Last year, when ASEAN was chaired by Cambodia, Min Aung Hlaing was not invited to the November meeting of ASEAN leaders in Phnom Penh after Myanmar declined to let an ASEAN envoy meet with her.

ASEAN Secretary General and foreign ministers except Myanmar attend the 32nd ASEAN Coordinating Council meeting in Jakarta. PHOTO: AFP

Analysts said the shadow of the military takeover in Myanmar looms large over the foreign ministers’ meeting, even as Indonesia, the chair of ASEAN this year, seeks to dampen concerns that the issue will not hold the bloc “hostage”.

Kicking off the country’s year chairing the regional bloc, Indonesia’s President Joko Widodo said late last month that ASEAN would continue contributing to the Indo-Pacific as a peaceful and stable region and maintaining regional economic growth.

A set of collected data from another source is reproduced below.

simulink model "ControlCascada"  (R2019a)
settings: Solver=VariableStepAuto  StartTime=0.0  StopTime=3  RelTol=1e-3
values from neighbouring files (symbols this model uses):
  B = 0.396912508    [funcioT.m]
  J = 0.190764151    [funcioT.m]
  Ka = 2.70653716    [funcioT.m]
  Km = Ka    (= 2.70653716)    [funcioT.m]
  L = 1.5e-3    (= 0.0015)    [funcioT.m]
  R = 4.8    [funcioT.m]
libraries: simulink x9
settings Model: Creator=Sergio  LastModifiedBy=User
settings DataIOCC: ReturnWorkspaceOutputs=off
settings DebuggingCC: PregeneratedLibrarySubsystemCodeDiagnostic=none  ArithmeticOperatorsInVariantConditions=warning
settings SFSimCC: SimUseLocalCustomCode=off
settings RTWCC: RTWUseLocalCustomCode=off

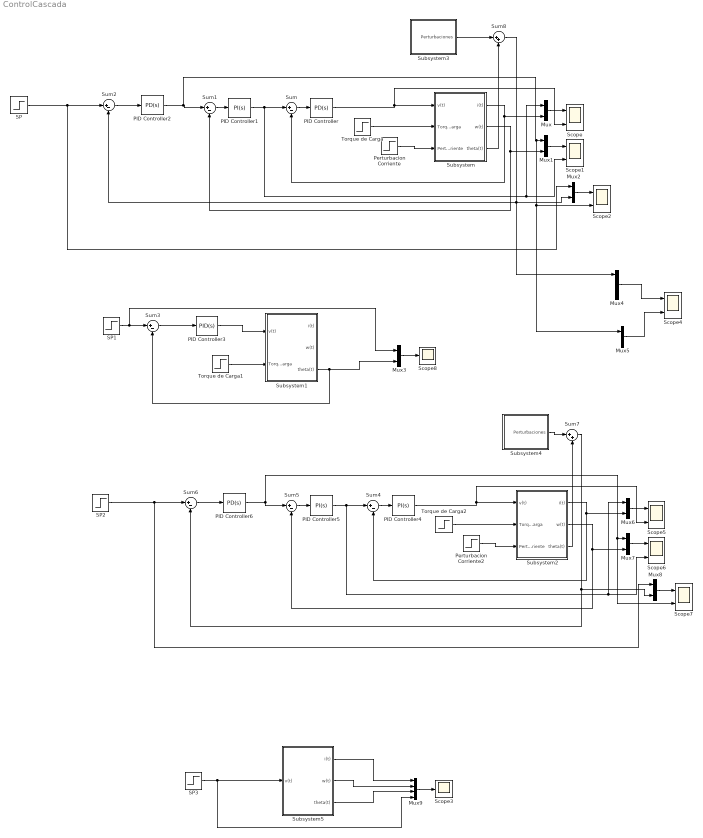
== system ControlCascada ==
  Mux{,1..3,5..8} (8 alike) : Mux  Inputs=2
  Mux4 : Mux  Inputs=3
  Mux9 : Mux
  PID Controller : simulink/Continuous/PID Controller  Controller=PD  Form=Parallel  TimeDomain=Continuous-time  SampleTime=-1  IntegratorMethod=Forward Euler  FilterMethod=Forward Euler  ControllerParametersSource=internal  P=3.6191162685072  I=0.000284403382998367  D=0.0177536521595203  UseFilter=on  N=36.2872486432421  TunerSelectOption=Transfer Function Based (PID Tuner App)  InitialConditionSource=internal  InitialConditionForIntegrator=0  InitialConditionForFilter=0  DifferentiatorICPrevScaledInput=0  ExternalReset=none  TrackingMode=off  Kt=1  LimitOutput=off  UpperSaturationLimit=inf  LowerSaturationLimit=-inf  LinearizeAsGain=on  AntiWindupMode=none  Kb=1  POutMin=[]  POutMax=[]  IOutMin=[]  IOutMax=[]  DOutMin=[]  DOutMax=[]  NOutMin=[]  NOutMax=[]  SumOutMin=[]  SumOutMax=[]  SaturationOutMin=[]  SaturationOutMax=[]  PParamMin=[]  PParamMax=[]  IParamMin=[]  IParamMax=[]  DParamMin=[]  DParamMax=[]  NParamMin=[]  NParamMax=[]  KbParamMin=[]  KbParamMax=[]  KtParamMin=[]  KtParamMax=[]  KbOutMin=[]  KbOutMax=[]  KtOutMin=[]  KtOutMax=[]  IntegratorOutMin=[]  IntegratorOutMax=[]  FilterOutMin=[]  FilterOutMax=[]  SumI1OutMin=[]  SumI1OutMax=[]  SumI2OutMin=[]  SumI2OutMax=[]  SumI3OutMin=[]  SumI3OutMax=[]  SumI4OutMin=[]  SumI4OutMax=[]  SumDOutMin=[]  SumDOutMax=[]  DifferentiatorOutMin=[]  DifferentiatorOutMax=[]  FilterDiffOutCoefMin=[]  FilterDiffOutCoefMax=[]  ReciprocalOutMin=[]  ReciprocalOutMax=[]  SumDenOutMin=[]  SumDenOutMax=[]  SumNumOutMin=[]  SumNumOutMax=[]  DivideOutMin=[]  DivideOutMax=[]  IntegratorContinuousStateAttributes=''  IntegratorStateMustResolveToSignalObject=off  IntegratorRTWStateStorageClass=Auto  FilterContinuousStateAttributes=''  FilterStateMustResolveToSignalObject=off  FilterRTWStateStorageClass=Auto  ParallelPVariant=InternalParameters  IdealPVariant=Disabled  IVariant=Disabled  DVariant=InternalParameters  IntegratorVariant=Disabled  SatVariant=Disabled  AWVariant=Disabled  PCopyVariant=Disabled  TRVariant=Disabled  FdbkBlocksVariant=Forward  IdealPFdbkVariant=Disabled  SatFdbkVariant=Disabled  DerivativeFilterVariant=ContFilter  NVariant=InternalParameters  NCopyVariant=Disabled  FilterICVariant=InternalICsFilter  IntegratorICVariant=Disabled  ExternalResetVariant=Disabled  TRSumVariant=Passthrough  SumFdbkVariant=Disabled  SumVariant=Sum_PD
  PID Controller1 : simulink/Continuous/PID Controller  Controller=PI  Form=Parallel  TimeDomain=Continuous-time  SampleTime=-1  IntegratorMethod=Forward Euler  FilterMethod=Forward Euler  ControllerParametersSource=internal  P=3.158554695701  I=6.43702288137936  D=-0.00136097830679664  UseFilter=on  N=1921.13300537321  TunerSelectOption=Transfer Function Based (PID Tuner App)  InitialConditionSource=internal  InitialConditionForIntegrator=0  InitialConditionForFilter=0  DifferentiatorICPrevScaledInput=0  ExternalReset=none  TrackingMode=off  Kt=1  LimitOutput=off  UpperSaturationLimit=inf  LowerSaturationLimit=-inf  LinearizeAsGain=on  AntiWindupMode=none  Kb=1  POutMin=[]  POutMax=[]  IOutMin=[]  IOutMax=[]  DOutMin=[]  DOutMax=[]  NOutMin=[]  NOutMax=[]  SumOutMin=[]  SumOutMax=[]  SaturationOutMin=[]  SaturationOutMax=[]  PParamMin=[]  PParamMax=[]  IParamMin=[]  IParamMax=[]  DParamMin=[]  DParamMax=[]  NParamMin=[]  NParamMax=[]  KbParamMin=[]  KbParamMax=[]  KtParamMin=[]  KtParamMax=[]  KbOutMin=[]  KbOutMax=[]  KtOutMin=[]  KtOutMax=[]  IntegratorOutMin=[]  IntegratorOutMax=[]  FilterOutMin=[]  FilterOutMax=[]  SumI1OutMin=[]  SumI1OutMax=[]  SumI2OutMin=[]  SumI2OutMax=[]  SumI3OutMin=[]  SumI3OutMax=[]  SumI4OutMin=[]  SumI4OutMax=[]  SumDOutMin=[]  SumDOutMax=[]  DifferentiatorOutMin=[]  DifferentiatorOutMax=[]  FilterDiffOutCoefMin=[]  FilterDiffOutCoefMax=[]  ReciprocalOutMin=[]  ReciprocalOutMax=[]  SumDenOutMin=[]  SumDenOutMax=[]  SumNumOutMin=[]  SumNumOutMax=[]  DivideOutMin=[]  DivideOutMax=[]  IntegratorContinuousStateAttributes=''  IntegratorStateMustResolveToSignalObject=off  IntegratorRTWStateStorageClass=Auto  FilterContinuousStateAttributes=''  FilterStateMustResolveToSignalObject=off  FilterRTWStateStorageClass=Auto  ParallelPVariant=InternalParameters  IdealPVariant=Disabled  IVariant=InternalParameters  DVariant=Disabled  IntegratorVariant=Continuous  SatVariant=Disabled  AWVariant=Passthrough  PCopyVariant=Disabled  TRVariant=Disabled  FdbkBlocksVariant=Forward  IdealPFdbkVariant=Disabled  SatFdbkVariant=Disabled  DerivativeFilterVariant=Disabled  NVariant=Disabled  NCopyVariant=Disabled_SignalSpec  FilterICVariant=Disabled  IntegratorICVariant=InternalICs  ExternalResetVariant=Disabled  TRSumVariant=Passthrough  SumFdbkVariant=Disabled  SumVariant=Sum_PI
  PID Controller2 : simulink/Continuous/PID Controller  Controller=PD  Form=Parallel  TimeDomain=Continuous-time  SampleTime=-1  IntegratorMethod=Forward Euler  FilterMethod=Forward Euler  ControllerParametersSource=internal  P=3.88889944431177  I=0.0290255889645778  D=0.401586761229223  UseFilter=on  N=6.36830270087834  TunerSelectOption=Transfer Function Based (PID Tuner App)  InitialConditionSource=internal  InitialConditionForIntegrator=0  InitialConditionForFilter=0  DifferentiatorICPrevScaledInput=0  ExternalReset=none  TrackingMode=off  Kt=1  LimitOutput=off  UpperSaturationLimit=inf  LowerSaturationLimit=-inf  LinearizeAsGain=on  AntiWindupMode=none  Kb=1  POutMin=[]  POutMax=[]  IOutMin=[]  IOutMax=[]  DOutMin=[]  DOutMax=[]  NOutMin=[]  NOutMax=[]  SumOutMin=[]  SumOutMax=[]  SaturationOutMin=[]  SaturationOutMax=[]  PParamMin=[]  PParamMax=[]  IParamMin=[]  IParamMax=[]  DParamMin=[]  DParamMax=[]  NParamMin=[]  NParamMax=[]  KbParamMin=[]  KbParamMax=[]  KtParamMin=[]  KtParamMax=[]  KbOutMin=[]  KbOutMax=[]  KtOutMin=[]  KtOutMax=[]  IntegratorOutMin=[]  IntegratorOutMax=[]  FilterOutMin=[]  FilterOutMax=[]  SumI1OutMin=[]  SumI1OutMax=[]  SumI2OutMin=[]  SumI2OutMax=[]  SumI3OutMin=[]  SumI3OutMax=[]  SumI4OutMin=[]  SumI4OutMax=[]  SumDOutMin=[]  SumDOutMax=[]  DifferentiatorOutMin=[]  DifferentiatorOutMax=[]  FilterDiffOutCoefMin=[]  FilterDiffOutCoefMax=[]  ReciprocalOutMin=[]  ReciprocalOutMax=[]  SumDenOutMin=[]  SumDenOutMax=[]  SumNumOutMin=[]  SumNumOutMax=[]  DivideOutMin=[]  DivideOutMax=[]  IntegratorContinuousStateAttributes=''  IntegratorStateMustResolveToSignalObject=off  IntegratorRTWStateStorageClass=Auto  FilterContinuousStateAttributes=''  FilterStateMustResolveToSignalObject=off  FilterRTWStateStorageClass=Auto  ParallelPVariant=InternalParameters  IdealPVariant=Disabled  IVariant=Disabled  DVariant=InternalParameters  IntegratorVariant=Disabled  SatVariant=Disabled  AWVariant=Disabled  PCopyVariant=Disabled  TRVariant=Disabled  FdbkBlocksVariant=Forward  IdealPFdbkVariant=Disabled  SatFdbkVariant=Disabled  DerivativeFilterVariant=ContFilter  NVariant=InternalParameters  NCopyVariant=Disabled  FilterICVariant=InternalICsFilter  IntegratorICVariant=Disabled  ExternalResetVariant=Disabled  TRSumVariant=Passthrough  SumFdbkVariant=Disabled  SumVariant=Sum_PD
  PID Controller3 : simulink/Continuous/PID Controller  Controller=PID  Form=Parallel  TimeDomain=Continuous-time  SampleTime=-1  IntegratorMethod=Forward Euler  FilterMethod=Forward Euler  ControllerParametersSource=internal  P=9.30783458507498  I=4.59103108664135  D=-0.0303242998985399  UseFilter=on  N=306.943098974006  TunerSelectOption=Transfer Function Based (PID Tuner App)  InitialConditionSource=internal  InitialConditionForIntegrator=0  InitialConditionForFilter=0  DifferentiatorICPrevScaledInput=0  ExternalReset=none  TrackingMode=off  Kt=1  LimitOutput=off  UpperSaturationLimit=inf  LowerSaturationLimit=-inf  LinearizeAsGain=on  AntiWindupMode=none  Kb=1  POutMin=[]  POutMax=[]  IOutMin=[]  IOutMax=[]  DOutMin=[]  DOutMax=[]  NOutMin=[]  NOutMax=[]  SumOutMin=[]  SumOutMax=[]  SaturationOutMin=[]  SaturationOutMax=[]  PParamMin=[]  PParamMax=[]  IParamMin=[]  IParamMax=[]  DParamMin=[]  DParamMax=[]  NParamMin=[]  NParamMax=[]  KbParamMin=[]  KbParamMax=[]  KtParamMin=[]  KtParamMax=[]  KbOutMin=[]  KbOutMax=[]  KtOutMin=[]  KtOutMax=[]  IntegratorOutMin=[]  IntegratorOutMax=[]  FilterOutMin=[]  FilterOutMax=[]  SumI1OutMin=[]  SumI1OutMax=[]  SumI2OutMin=[]  SumI2OutMax=[]  SumI3OutMin=[]  SumI3OutMax=[]  SumI4OutMin=[]  SumI4OutMax=[]  SumDOutMin=[]  SumDOutMax=[]  DifferentiatorOutMin=[]  DifferentiatorOutMax=[]  FilterDiffOutCoefMin=[]  FilterDiffOutCoefMax=[]  ReciprocalOutMin=[]  ReciprocalOutMax=[]  SumDenOutMin=[]  SumDenOutMax=[]  SumNumOutMin=[]  SumNumOutMax=[]  DivideOutMin=[]  DivideOutMax=[]  IntegratorContinuousStateAttributes=''  IntegratorStateMustResolveToSignalObject=off  IntegratorRTWStateStorageClass=Auto  FilterContinuousStateAttributes=''  FilterStateMustResolveToSignalObject=off  FilterRTWStateStorageClass=Auto  ParallelPVariant=InternalParameters  IdealPVariant=Disabled  IVariant=InternalParameters  DVariant=InternalParameters  IntegratorVariant=Continuous  SatVariant=Disabled  AWVariant=Passthrough  PCopyVariant=Disabled  TRVariant=Disabled  FdbkBlocksVariant=Forward  IdealPFdbkVariant=Disabled  SatFdbkVariant=Disabled  DerivativeFilterVariant=ContFilter  NVariant=InternalParameters  NCopyVariant=Disabled  FilterICVariant=InternalICsFilter  IntegratorICVariant=InternalICs  ExternalResetVariant=Disabled  TRSumVariant=Passthrough  SumFdbkVariant=Disabled  SumVariant=Sum_PID
  PID Controller4 : simulink/Continuous/PID Controller  Controller=PI  Form=Parallel  TimeDomain=Continuous-time  SampleTime=-1  IntegratorMethod=Forward Euler  FilterMethod=Forward Euler  ControllerParametersSource=internal  P=7.59332462474938  I=8.20113817301873  D=-0.740860787056165  UseFilter=on  N=10.2493272115558  TunerSelectOption=Transfer Function Based (PID Tuner App)  InitialConditionSource=internal  InitialConditionForIntegrator=0  InitialConditionForFilter=0  DifferentiatorICPrevScaledInput=0  ExternalReset=none  TrackingMode=off  Kt=1  LimitOutput=off  UpperSaturationLimit=inf  LowerSaturationLimit=-inf  LinearizeAsGain=on  AntiWindupMode=none  Kb=1  POutMin=[]  POutMax=[]  IOutMin=[]  IOutMax=[]  DOutMin=[]  DOutMax=[]  NOutMin=[]  NOutMax=[]  SumOutMin=[]  SumOutMax=[]  SaturationOutMin=[]  SaturationOutMax=[]  PParamMin=[]  PParamMax=[]  IParamMin=[]  IParamMax=[]  DParamMin=[]  DParamMax=[]  NParamMin=[]  NParamMax=[]  KbParamMin=[]  KbParamMax=[]  KtParamMin=[]  KtParamMax=[]  KbOutMin=[]  KbOutMax=[]  KtOutMin=[]  KtOutMax=[]  IntegratorOutMin=[]  IntegratorOutMax=[]  FilterOutMin=[]  FilterOutMax=[]  SumI1OutMin=[]  SumI1OutMax=[]  SumI2OutMin=[]  SumI2OutMax=[]  SumI3OutMin=[]  SumI3OutMax=[]  SumI4OutMin=[]  SumI4OutMax=[]  SumDOutMin=[]  SumDOutMax=[]  DifferentiatorOutMin=[]  DifferentiatorOutMax=[]  FilterDiffOutCoefMin=[]  FilterDiffOutCoefMax=[]  ReciprocalOutMin=[]  ReciprocalOutMax=[]  SumDenOutMin=[]  SumDenOutMax=[]  SumNumOutMin=[]  SumNumOutMax=[]  DivideOutMin=[]  DivideOutMax=[]  IntegratorContinuousStateAttributes=''  IntegratorStateMustResolveToSignalObject=off  IntegratorRTWStateStorageClass=Auto  FilterContinuousStateAttributes=''  FilterStateMustResolveToSignalObject=off  FilterRTWStateStorageClass=Auto  ParallelPVariant=InternalParameters  IdealPVariant=Disabled  IVariant=InternalParameters  DVariant=Disabled  IntegratorVariant=Continuous  SatVariant=Disabled  AWVariant=Passthrough  PCopyVariant=Disabled  TRVariant=Disabled  FdbkBlocksVariant=Forward  IdealPFdbkVariant=Disabled  SatFdbkVariant=Disabled  DerivativeFilterVariant=Disabled  NVariant=Disabled  NCopyVariant=Disabled_SignalSpec  FilterICVariant=Disabled  IntegratorICVariant=InternalICs  ExternalResetVariant=Disabled  TRSumVariant=Passthrough  SumFdbkVariant=Disabled  SumVariant=Sum_PI
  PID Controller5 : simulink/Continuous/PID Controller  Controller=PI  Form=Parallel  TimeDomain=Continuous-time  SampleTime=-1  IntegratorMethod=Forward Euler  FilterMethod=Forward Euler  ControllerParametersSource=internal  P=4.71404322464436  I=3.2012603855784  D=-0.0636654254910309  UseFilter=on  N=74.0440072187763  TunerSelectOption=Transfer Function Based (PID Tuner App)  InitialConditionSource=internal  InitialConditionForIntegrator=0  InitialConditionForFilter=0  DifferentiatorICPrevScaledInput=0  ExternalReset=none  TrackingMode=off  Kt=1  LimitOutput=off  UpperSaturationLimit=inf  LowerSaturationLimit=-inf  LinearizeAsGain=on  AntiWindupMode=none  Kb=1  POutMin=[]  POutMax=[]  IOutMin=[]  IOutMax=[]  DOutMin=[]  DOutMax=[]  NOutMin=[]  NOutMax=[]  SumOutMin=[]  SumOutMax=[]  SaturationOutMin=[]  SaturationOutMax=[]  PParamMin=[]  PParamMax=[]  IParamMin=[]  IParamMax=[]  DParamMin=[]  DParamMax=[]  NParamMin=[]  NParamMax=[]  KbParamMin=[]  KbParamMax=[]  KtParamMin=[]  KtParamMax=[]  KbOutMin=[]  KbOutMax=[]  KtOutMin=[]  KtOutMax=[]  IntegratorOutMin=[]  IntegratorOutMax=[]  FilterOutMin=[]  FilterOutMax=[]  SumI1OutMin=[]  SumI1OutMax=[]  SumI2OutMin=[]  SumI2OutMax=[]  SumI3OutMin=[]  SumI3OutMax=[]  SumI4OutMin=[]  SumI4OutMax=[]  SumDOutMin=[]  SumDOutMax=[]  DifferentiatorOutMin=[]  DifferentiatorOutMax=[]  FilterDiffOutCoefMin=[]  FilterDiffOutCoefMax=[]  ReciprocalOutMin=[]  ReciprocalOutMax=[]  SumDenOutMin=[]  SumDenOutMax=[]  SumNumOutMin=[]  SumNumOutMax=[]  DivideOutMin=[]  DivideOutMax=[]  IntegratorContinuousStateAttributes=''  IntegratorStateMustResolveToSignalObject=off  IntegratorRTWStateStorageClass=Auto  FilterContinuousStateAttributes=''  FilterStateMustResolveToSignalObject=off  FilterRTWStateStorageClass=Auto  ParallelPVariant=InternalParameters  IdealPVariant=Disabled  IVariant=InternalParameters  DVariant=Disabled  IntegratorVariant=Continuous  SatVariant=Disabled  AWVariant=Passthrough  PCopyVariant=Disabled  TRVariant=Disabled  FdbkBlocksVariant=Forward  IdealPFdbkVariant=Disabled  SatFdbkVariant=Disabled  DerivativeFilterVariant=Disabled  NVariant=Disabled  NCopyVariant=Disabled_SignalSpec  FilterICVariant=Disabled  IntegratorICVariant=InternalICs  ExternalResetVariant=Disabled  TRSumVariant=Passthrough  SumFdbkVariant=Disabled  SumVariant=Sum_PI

“Economic crisis, energy crisis, food crisis as well as warfare, we face all of them this year,” Widodo said. “ASEAN will remain essential and relevant for people in the region and beyond as ASEAN is the epicentre of growth.”

Indonesia’s Foreign Minister Retno Marsudi said Indonesia would ensure the focus is on the development of the regional bloc as a community and to capitalise on ASEAN’s economic growth, which always records stronger growth than the global economy.

“The issue of Myanmar will not be allowed to hold hostage the process of strengthening the ASEAN community development,” Marsudi said last month in outlining Indonesia’s foreign policy for the year.

She said ASEAN was disappointed by its lack of progress in the past two years in Myanmar, despite growing countermovement and global threats of sanctions and political exclusion.

“Despite all the efforts of the chair and all ASEAN member countries, the implementation of the five-point consensus by the Myanmar military junta has not made significant progress,” she said.